__Instructions for the task__
Copy nothing but the text: repeat each entry exactly and drop the images.

__Record extracts__
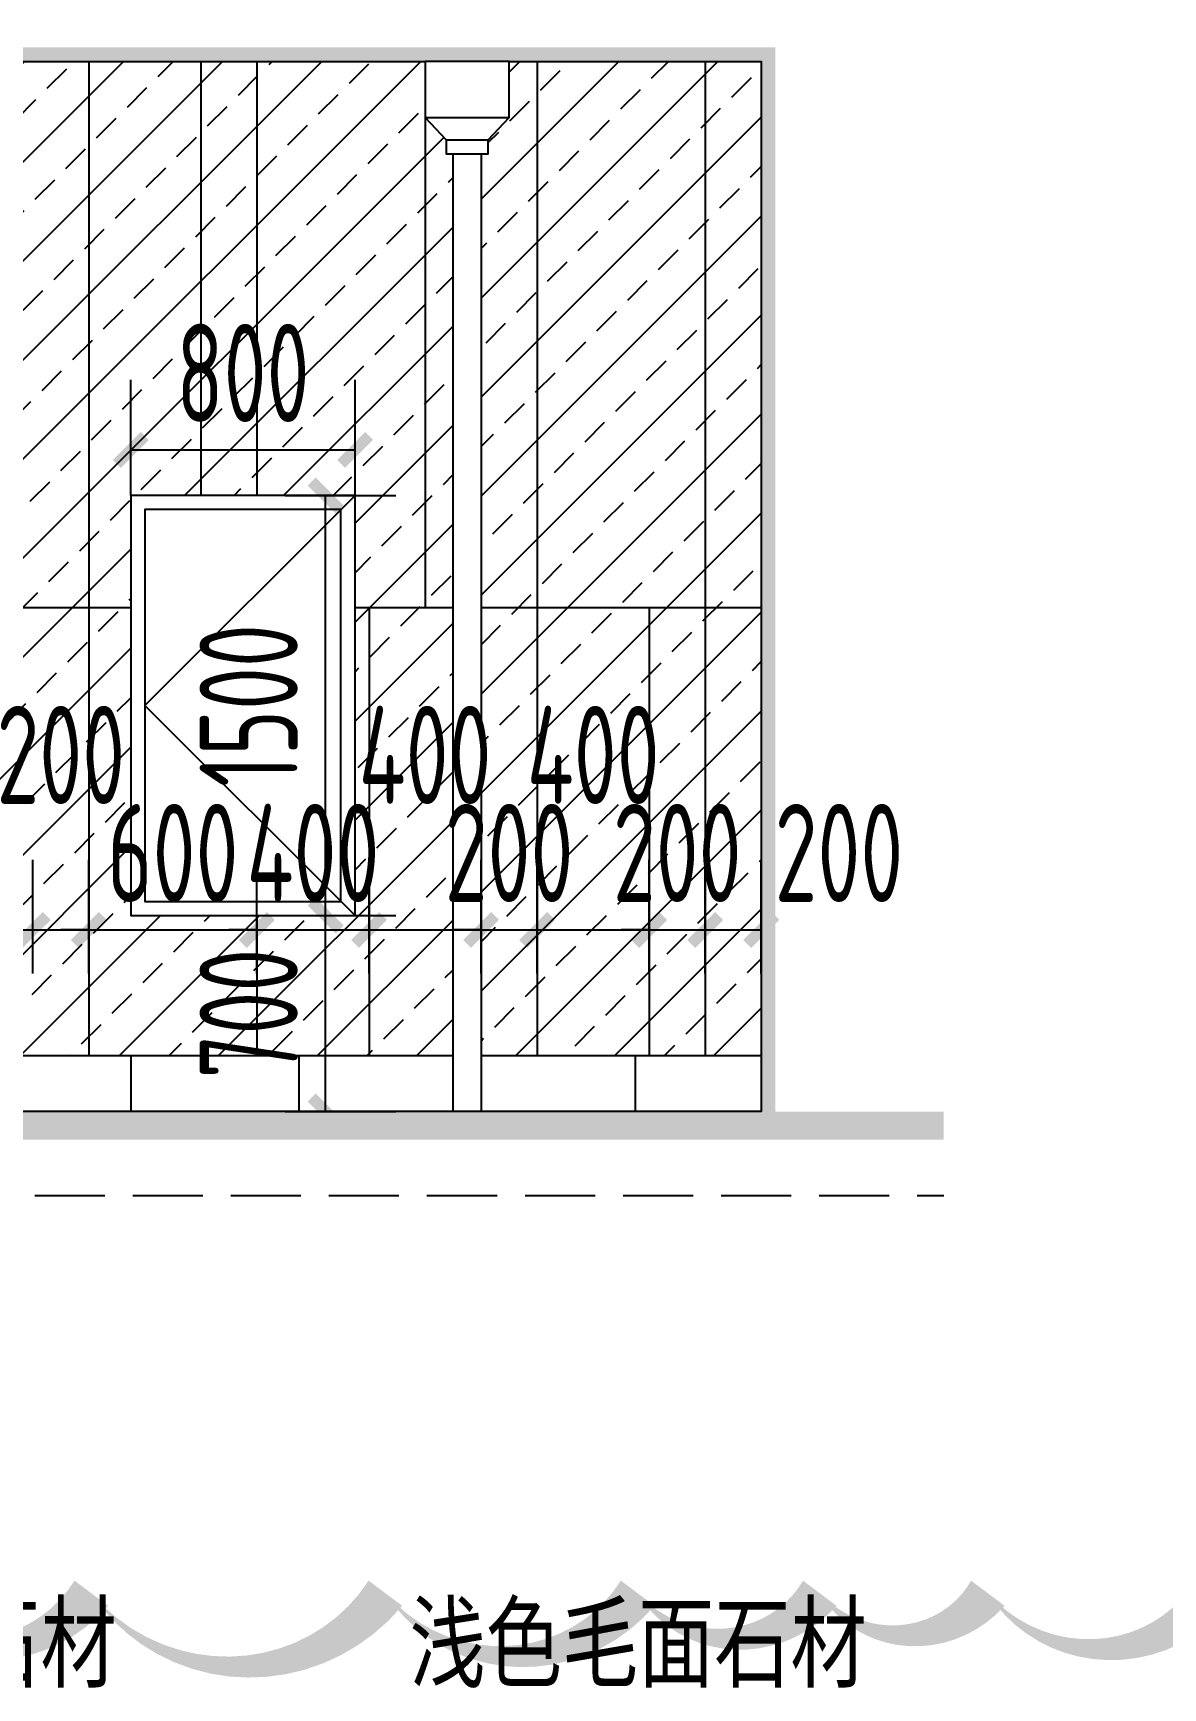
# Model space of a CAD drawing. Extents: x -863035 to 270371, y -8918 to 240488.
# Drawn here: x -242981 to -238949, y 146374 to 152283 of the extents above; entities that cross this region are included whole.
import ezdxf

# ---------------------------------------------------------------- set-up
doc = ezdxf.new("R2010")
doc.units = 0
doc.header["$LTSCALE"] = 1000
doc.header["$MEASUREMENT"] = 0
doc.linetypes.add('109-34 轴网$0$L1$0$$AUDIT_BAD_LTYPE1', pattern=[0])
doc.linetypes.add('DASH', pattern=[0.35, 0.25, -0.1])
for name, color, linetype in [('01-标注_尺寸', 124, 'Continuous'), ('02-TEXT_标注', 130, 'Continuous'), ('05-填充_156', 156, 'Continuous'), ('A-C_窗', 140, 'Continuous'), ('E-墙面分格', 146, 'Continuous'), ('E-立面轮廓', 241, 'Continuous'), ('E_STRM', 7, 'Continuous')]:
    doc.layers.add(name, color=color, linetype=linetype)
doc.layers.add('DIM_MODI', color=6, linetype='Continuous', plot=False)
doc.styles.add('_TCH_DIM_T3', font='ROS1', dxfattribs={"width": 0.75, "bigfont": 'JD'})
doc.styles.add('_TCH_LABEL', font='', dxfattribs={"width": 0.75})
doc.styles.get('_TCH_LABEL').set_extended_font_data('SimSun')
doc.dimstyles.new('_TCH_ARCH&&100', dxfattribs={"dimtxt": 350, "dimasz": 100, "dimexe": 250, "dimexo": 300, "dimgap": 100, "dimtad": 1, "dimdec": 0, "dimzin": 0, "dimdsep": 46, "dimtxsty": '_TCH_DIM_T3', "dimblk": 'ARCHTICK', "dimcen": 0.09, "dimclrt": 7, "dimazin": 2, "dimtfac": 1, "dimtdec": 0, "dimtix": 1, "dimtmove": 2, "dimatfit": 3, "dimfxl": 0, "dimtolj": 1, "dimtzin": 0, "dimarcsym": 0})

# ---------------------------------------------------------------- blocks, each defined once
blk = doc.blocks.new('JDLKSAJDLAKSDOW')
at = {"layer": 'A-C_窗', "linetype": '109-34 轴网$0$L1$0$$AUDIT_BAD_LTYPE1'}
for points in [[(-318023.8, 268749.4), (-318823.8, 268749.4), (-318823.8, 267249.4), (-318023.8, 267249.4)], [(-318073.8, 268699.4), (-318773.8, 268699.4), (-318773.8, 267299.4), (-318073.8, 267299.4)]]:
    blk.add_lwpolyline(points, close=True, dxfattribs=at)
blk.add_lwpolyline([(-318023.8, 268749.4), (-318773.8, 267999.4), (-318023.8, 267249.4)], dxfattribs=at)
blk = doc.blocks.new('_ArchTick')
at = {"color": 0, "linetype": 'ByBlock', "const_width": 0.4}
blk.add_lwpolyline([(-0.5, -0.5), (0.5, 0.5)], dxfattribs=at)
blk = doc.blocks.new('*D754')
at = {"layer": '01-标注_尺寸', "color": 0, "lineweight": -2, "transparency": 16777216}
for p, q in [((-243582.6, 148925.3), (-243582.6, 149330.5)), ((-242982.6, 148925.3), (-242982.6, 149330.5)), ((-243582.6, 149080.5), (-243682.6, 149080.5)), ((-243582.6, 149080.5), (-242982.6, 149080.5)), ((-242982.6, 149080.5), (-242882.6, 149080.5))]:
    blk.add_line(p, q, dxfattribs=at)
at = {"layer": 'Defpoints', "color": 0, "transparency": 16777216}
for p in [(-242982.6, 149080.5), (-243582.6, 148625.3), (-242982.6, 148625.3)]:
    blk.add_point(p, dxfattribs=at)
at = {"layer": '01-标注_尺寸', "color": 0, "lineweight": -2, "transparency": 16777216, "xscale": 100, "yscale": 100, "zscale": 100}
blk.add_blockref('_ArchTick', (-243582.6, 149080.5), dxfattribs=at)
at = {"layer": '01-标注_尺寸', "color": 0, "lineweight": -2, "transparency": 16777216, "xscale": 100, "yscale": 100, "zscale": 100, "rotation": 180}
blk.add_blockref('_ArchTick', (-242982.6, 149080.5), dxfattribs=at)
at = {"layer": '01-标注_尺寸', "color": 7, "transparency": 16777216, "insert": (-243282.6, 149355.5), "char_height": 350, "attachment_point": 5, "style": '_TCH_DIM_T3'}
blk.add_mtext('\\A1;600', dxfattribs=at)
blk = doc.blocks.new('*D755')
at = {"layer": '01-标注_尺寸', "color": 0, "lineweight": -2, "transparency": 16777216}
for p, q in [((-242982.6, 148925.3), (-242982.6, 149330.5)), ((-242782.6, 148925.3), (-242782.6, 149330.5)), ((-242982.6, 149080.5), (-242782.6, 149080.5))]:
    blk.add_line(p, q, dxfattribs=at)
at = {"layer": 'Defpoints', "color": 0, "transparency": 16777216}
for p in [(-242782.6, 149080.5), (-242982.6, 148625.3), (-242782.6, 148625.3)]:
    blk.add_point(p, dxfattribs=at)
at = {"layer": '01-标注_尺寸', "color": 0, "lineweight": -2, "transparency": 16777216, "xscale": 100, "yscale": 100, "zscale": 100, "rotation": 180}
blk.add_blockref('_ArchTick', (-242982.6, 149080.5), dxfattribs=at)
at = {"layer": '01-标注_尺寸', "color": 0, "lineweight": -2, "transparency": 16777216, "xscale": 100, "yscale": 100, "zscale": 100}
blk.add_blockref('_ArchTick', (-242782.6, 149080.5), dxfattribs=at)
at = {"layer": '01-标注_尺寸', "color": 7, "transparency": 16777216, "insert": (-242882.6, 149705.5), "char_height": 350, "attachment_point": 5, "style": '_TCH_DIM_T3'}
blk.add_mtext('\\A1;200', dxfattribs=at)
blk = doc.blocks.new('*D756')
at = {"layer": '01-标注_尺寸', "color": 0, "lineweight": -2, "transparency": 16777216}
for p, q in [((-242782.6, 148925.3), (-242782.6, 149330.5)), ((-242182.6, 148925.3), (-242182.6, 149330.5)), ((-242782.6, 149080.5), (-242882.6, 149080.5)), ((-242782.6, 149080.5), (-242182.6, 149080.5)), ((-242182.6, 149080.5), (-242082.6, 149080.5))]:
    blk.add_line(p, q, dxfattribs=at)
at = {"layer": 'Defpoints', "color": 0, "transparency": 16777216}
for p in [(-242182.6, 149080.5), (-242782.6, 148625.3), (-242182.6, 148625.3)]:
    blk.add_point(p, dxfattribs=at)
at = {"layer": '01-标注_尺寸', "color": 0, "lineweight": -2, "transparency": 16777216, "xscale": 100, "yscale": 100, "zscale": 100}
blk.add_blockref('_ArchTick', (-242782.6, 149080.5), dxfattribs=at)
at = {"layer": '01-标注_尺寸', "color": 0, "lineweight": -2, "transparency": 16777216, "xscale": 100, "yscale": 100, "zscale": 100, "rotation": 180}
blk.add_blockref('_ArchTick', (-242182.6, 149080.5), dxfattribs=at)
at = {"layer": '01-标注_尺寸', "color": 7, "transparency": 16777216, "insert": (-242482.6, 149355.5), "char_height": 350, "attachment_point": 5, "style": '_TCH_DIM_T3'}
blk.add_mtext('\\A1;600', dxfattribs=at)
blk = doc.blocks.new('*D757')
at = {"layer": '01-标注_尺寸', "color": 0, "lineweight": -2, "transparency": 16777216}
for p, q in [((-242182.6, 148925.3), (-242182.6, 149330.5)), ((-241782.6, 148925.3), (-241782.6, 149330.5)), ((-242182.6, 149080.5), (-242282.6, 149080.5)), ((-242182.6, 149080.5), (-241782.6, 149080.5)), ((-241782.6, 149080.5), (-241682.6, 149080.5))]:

__Answer below__
# Model space of a CAD drawing. Extents: x -863035 to 270371, y -8918 to 240488.
# Drawn here: x -242981 to -238949, y 146374 to 152283 of the extents above; entities that cross this region are included whole.
import ezdxf

# ---------------------------------------------------------------- set-up
doc = ezdxf.new("R2010")
doc.units = 0
doc.header["$LTSCALE"] = 1000
doc.header["$MEASUREMENT"] = 0
doc.linetypes.add('109-34 轴网$0$L1$0$$AUDIT_BAD_LTYPE1', pattern=[0])
doc.linetypes.add('DASH', pattern=[0.35, 0.25, -0.1])
for name, color, linetype in [('01-标注_尺寸', 124, 'Continuous'), ('02-TEXT_标注', 130, 'Continuous'), ('05-填充_156', 156, 'Continuous'), ('A-C_窗', 140, 'Continuous'), ('E-墙面分格', 146, 'Continuous'), ('E-立面轮廓', 241, 'Continuous'), ('E_STRM', 7, 'Continuous')]:
    doc.layers.add(name, color=color, linetype=linetype)
doc.layers.add('DIM_MODI', color=6, linetype='Continuous', plot=False)
doc.styles.add('_TCH_DIM_T3', font='ROS1', dxfattribs={"width": 0.75, "bigfont": 'JD'})
doc.styles.add('_TCH_LABEL', font='', dxfattribs={"width": 0.75})
doc.styles.get('_TCH_LABEL').set_extended_font_data('SimSun')
doc.dimstyles.new('_TCH_ARCH&&100', dxfattribs={"dimtxt": 350, "dimasz": 100, "dimexe": 250, "dimexo": 300, "dimgap": 100, "dimtad": 1, "dimdec": 0, "dimzin": 0, "dimdsep": 46, "dimtxsty": '_TCH_DIM_T3', "dimblk": 'ARCHTICK', "dimcen": 0.09, "dimclrt": 7, "dimazin": 2, "dimtfac": 1, "dimtdec": 0, "dimtix": 1, "dimtmove": 2, "dimatfit": 3, "dimfxl": 0, "dimtolj": 1, "dimtzin": 0, "dimarcsym": 0})

# ---------------------------------------------------------------- blocks, each defined once
blk = doc.blocks.new('JDLKSAJDLAKSDOW')
at = {"layer": 'A-C_窗', "linetype": '109-34 轴网$0$L1$0$$AUDIT_BAD_LTYPE1'}
for points in [[(-318023.8, 268749.4), (-318823.8, 268749.4), (-318823.8, 267249.4), (-318023.8, 267249.4)], [(-318073.8, 268699.4), (-318773.8, 268699.4), (-318773.8, 267299.4), (-318073.8, 267299.4)]]:
    blk.add_lwpolyline(points, close=True, dxfattribs=at)
blk.add_lwpolyline([(-318023.8, 268749.4), (-318773.8, 267999.4), (-318023.8, 267249.4)], dxfattribs=at)
blk = doc.blocks.new('_ArchTick')
at = {"color": 0, "linetype": 'ByBlock', "const_width": 0.4}
blk.add_lwpolyline([(-0.5, -0.5), (0.5, 0.5)], dxfattribs=at)
blk = doc.blocks.new('*D754')
at = {"layer": '01-标注_尺寸', "color": 0, "lineweight": -2, "transparency": 16777216}
for p, q in [((-243582.6, 148925.3), (-243582.6, 149330.5)), ((-242982.6, 148925.3), (-242982.6, 149330.5)), ((-243582.6, 149080.5), (-243682.6, 149080.5)), ((-243582.6, 149080.5), (-242982.6, 149080.5)), ((-242982.6, 149080.5), (-242882.6, 149080.5))]:
    blk.add_line(p, q, dxfattribs=at)
at = {"layer": 'Defpoints', "color": 0, "transparency": 16777216}
for p in [(-242982.6, 149080.5), (-243582.6, 148625.3), (-242982.6, 148625.3)]:
    blk.add_point(p, dxfattribs=at)
at = {"layer": '01-标注_尺寸', "color": 0, "lineweight": -2, "transparency": 16777216, "xscale": 100, "yscale": 100, "zscale": 100}
blk.add_blockref('_ArchTick', (-243582.6, 149080.5), dxfattribs=at)
at = {"layer": '01-标注_尺寸', "color": 0, "lineweight": -2, "transparency": 16777216, "xscale": 100, "yscale": 100, "zscale": 100, "rotation": 180}
blk.add_blockref('_ArchTick', (-242982.6, 149080.5), dxfattribs=at)
at = {"layer": '01-标注_尺寸', "color": 7, "transparency": 16777216, "insert": (-243282.6, 149355.5), "char_height": 350, "attachment_point": 5, "style": '_TCH_DIM_T3'}
blk.add_mtext('\\A1;600', dxfattribs=at)
blk = doc.blocks.new('*D755')
at = {"layer": '01-标注_尺寸', "color": 0, "lineweight": -2, "transparency": 16777216}
for p, q in [((-242982.6, 148925.3), (-242982.6, 149330.5)), ((-242782.6, 148925.3), (-242782.6, 149330.5)), ((-242982.6, 149080.5), (-242782.6, 149080.5))]:
    blk.add_line(p, q, dxfattribs=at)
at = {"layer": 'Defpoints', "color": 0, "transparency": 16777216}
for p in [(-242782.6, 149080.5), (-242982.6, 148625.3), (-242782.6, 148625.3)]:
    blk.add_point(p, dxfattribs=at)
at = {"layer": '01-标注_尺寸', "color": 0, "lineweight": -2, "transparency": 16777216, "xscale": 100, "yscale": 100, "zscale": 100, "rotation": 180}
blk.add_blockref('_ArchTick', (-242982.6, 149080.5), dxfattribs=at)
at = {"layer": '01-标注_尺寸', "color": 0, "lineweight": -2, "transparency": 16777216, "xscale": 100, "yscale": 100, "zscale": 100}
blk.add_blockref('_ArchTick', (-242782.6, 149080.5), dxfattribs=at)
at = {"layer": '01-标注_尺寸', "color": 7, "transparency": 16777216, "insert": (-242882.6, 149705.5), "char_height": 350, "attachment_point": 5, "style": '_TCH_DIM_T3'}
blk.add_mtext('\\A1;200', dxfattribs=at)
blk = doc.blocks.new('*D756')
at = {"layer": '01-标注_尺寸', "color": 0, "lineweight": -2, "transparency": 16777216}
for p, q in [((-242782.6, 148925.3), (-242782.6, 149330.5)), ((-242182.6, 148925.3), (-242182.6, 149330.5)), ((-242782.6, 149080.5), (-242882.6, 149080.5)), ((-242782.6, 149080.5), (-242182.6, 149080.5)), ((-242182.6, 149080.5), (-242082.6, 149080.5))]:
    blk.add_line(p, q, dxfattribs=at)
at = {"layer": 'Defpoints', "color": 0, "transparency": 16777216}
for p in [(-242182.6, 149080.5), (-242782.6, 148625.3), (-242182.6, 148625.3)]:
    blk.add_point(p, dxfattribs=at)
at = {"layer": '01-标注_尺寸', "color": 0, "lineweight": -2, "transparency": 16777216, "xscale": 100, "yscale": 100, "zscale": 100}
blk.add_blockref('_ArchTick', (-242782.6, 149080.5), dxfattribs=at)
at = {"layer": '01-标注_尺寸', "color": 0, "lineweight": -2, "transparency": 16777216, "xscale": 100, "yscale": 100, "zscale": 100, "rotation": 180}
blk.add_blockref('_ArchTick', (-242182.6, 149080.5), dxfattribs=at)
at = {"layer": '01-标注_尺寸', "color": 7, "transparency": 16777216, "insert": (-242482.6, 149355.5), "char_height": 350, "attachment_point": 5, "style": '_TCH_DIM_T3'}
blk.add_mtext('\\A1;600', dxfattribs=at)
blk = doc.blocks.new('*D757')
at = {"layer": '01-标注_尺寸', "color": 0, "lineweight": -2, "transparency": 16777216}
for p, q in [((-242182.6, 148925.3), (-242182.6, 149330.5)), ((-241782.6, 148925.3), (-241782.6, 149330.5)), ((-242182.6, 149080.5), (-242282.6, 149080.5)), ((-242182.6, 149080.5), (-241782.6, 149080.5)), ((-241782.6, 149080.5), (-241682.6, 149080.5))]:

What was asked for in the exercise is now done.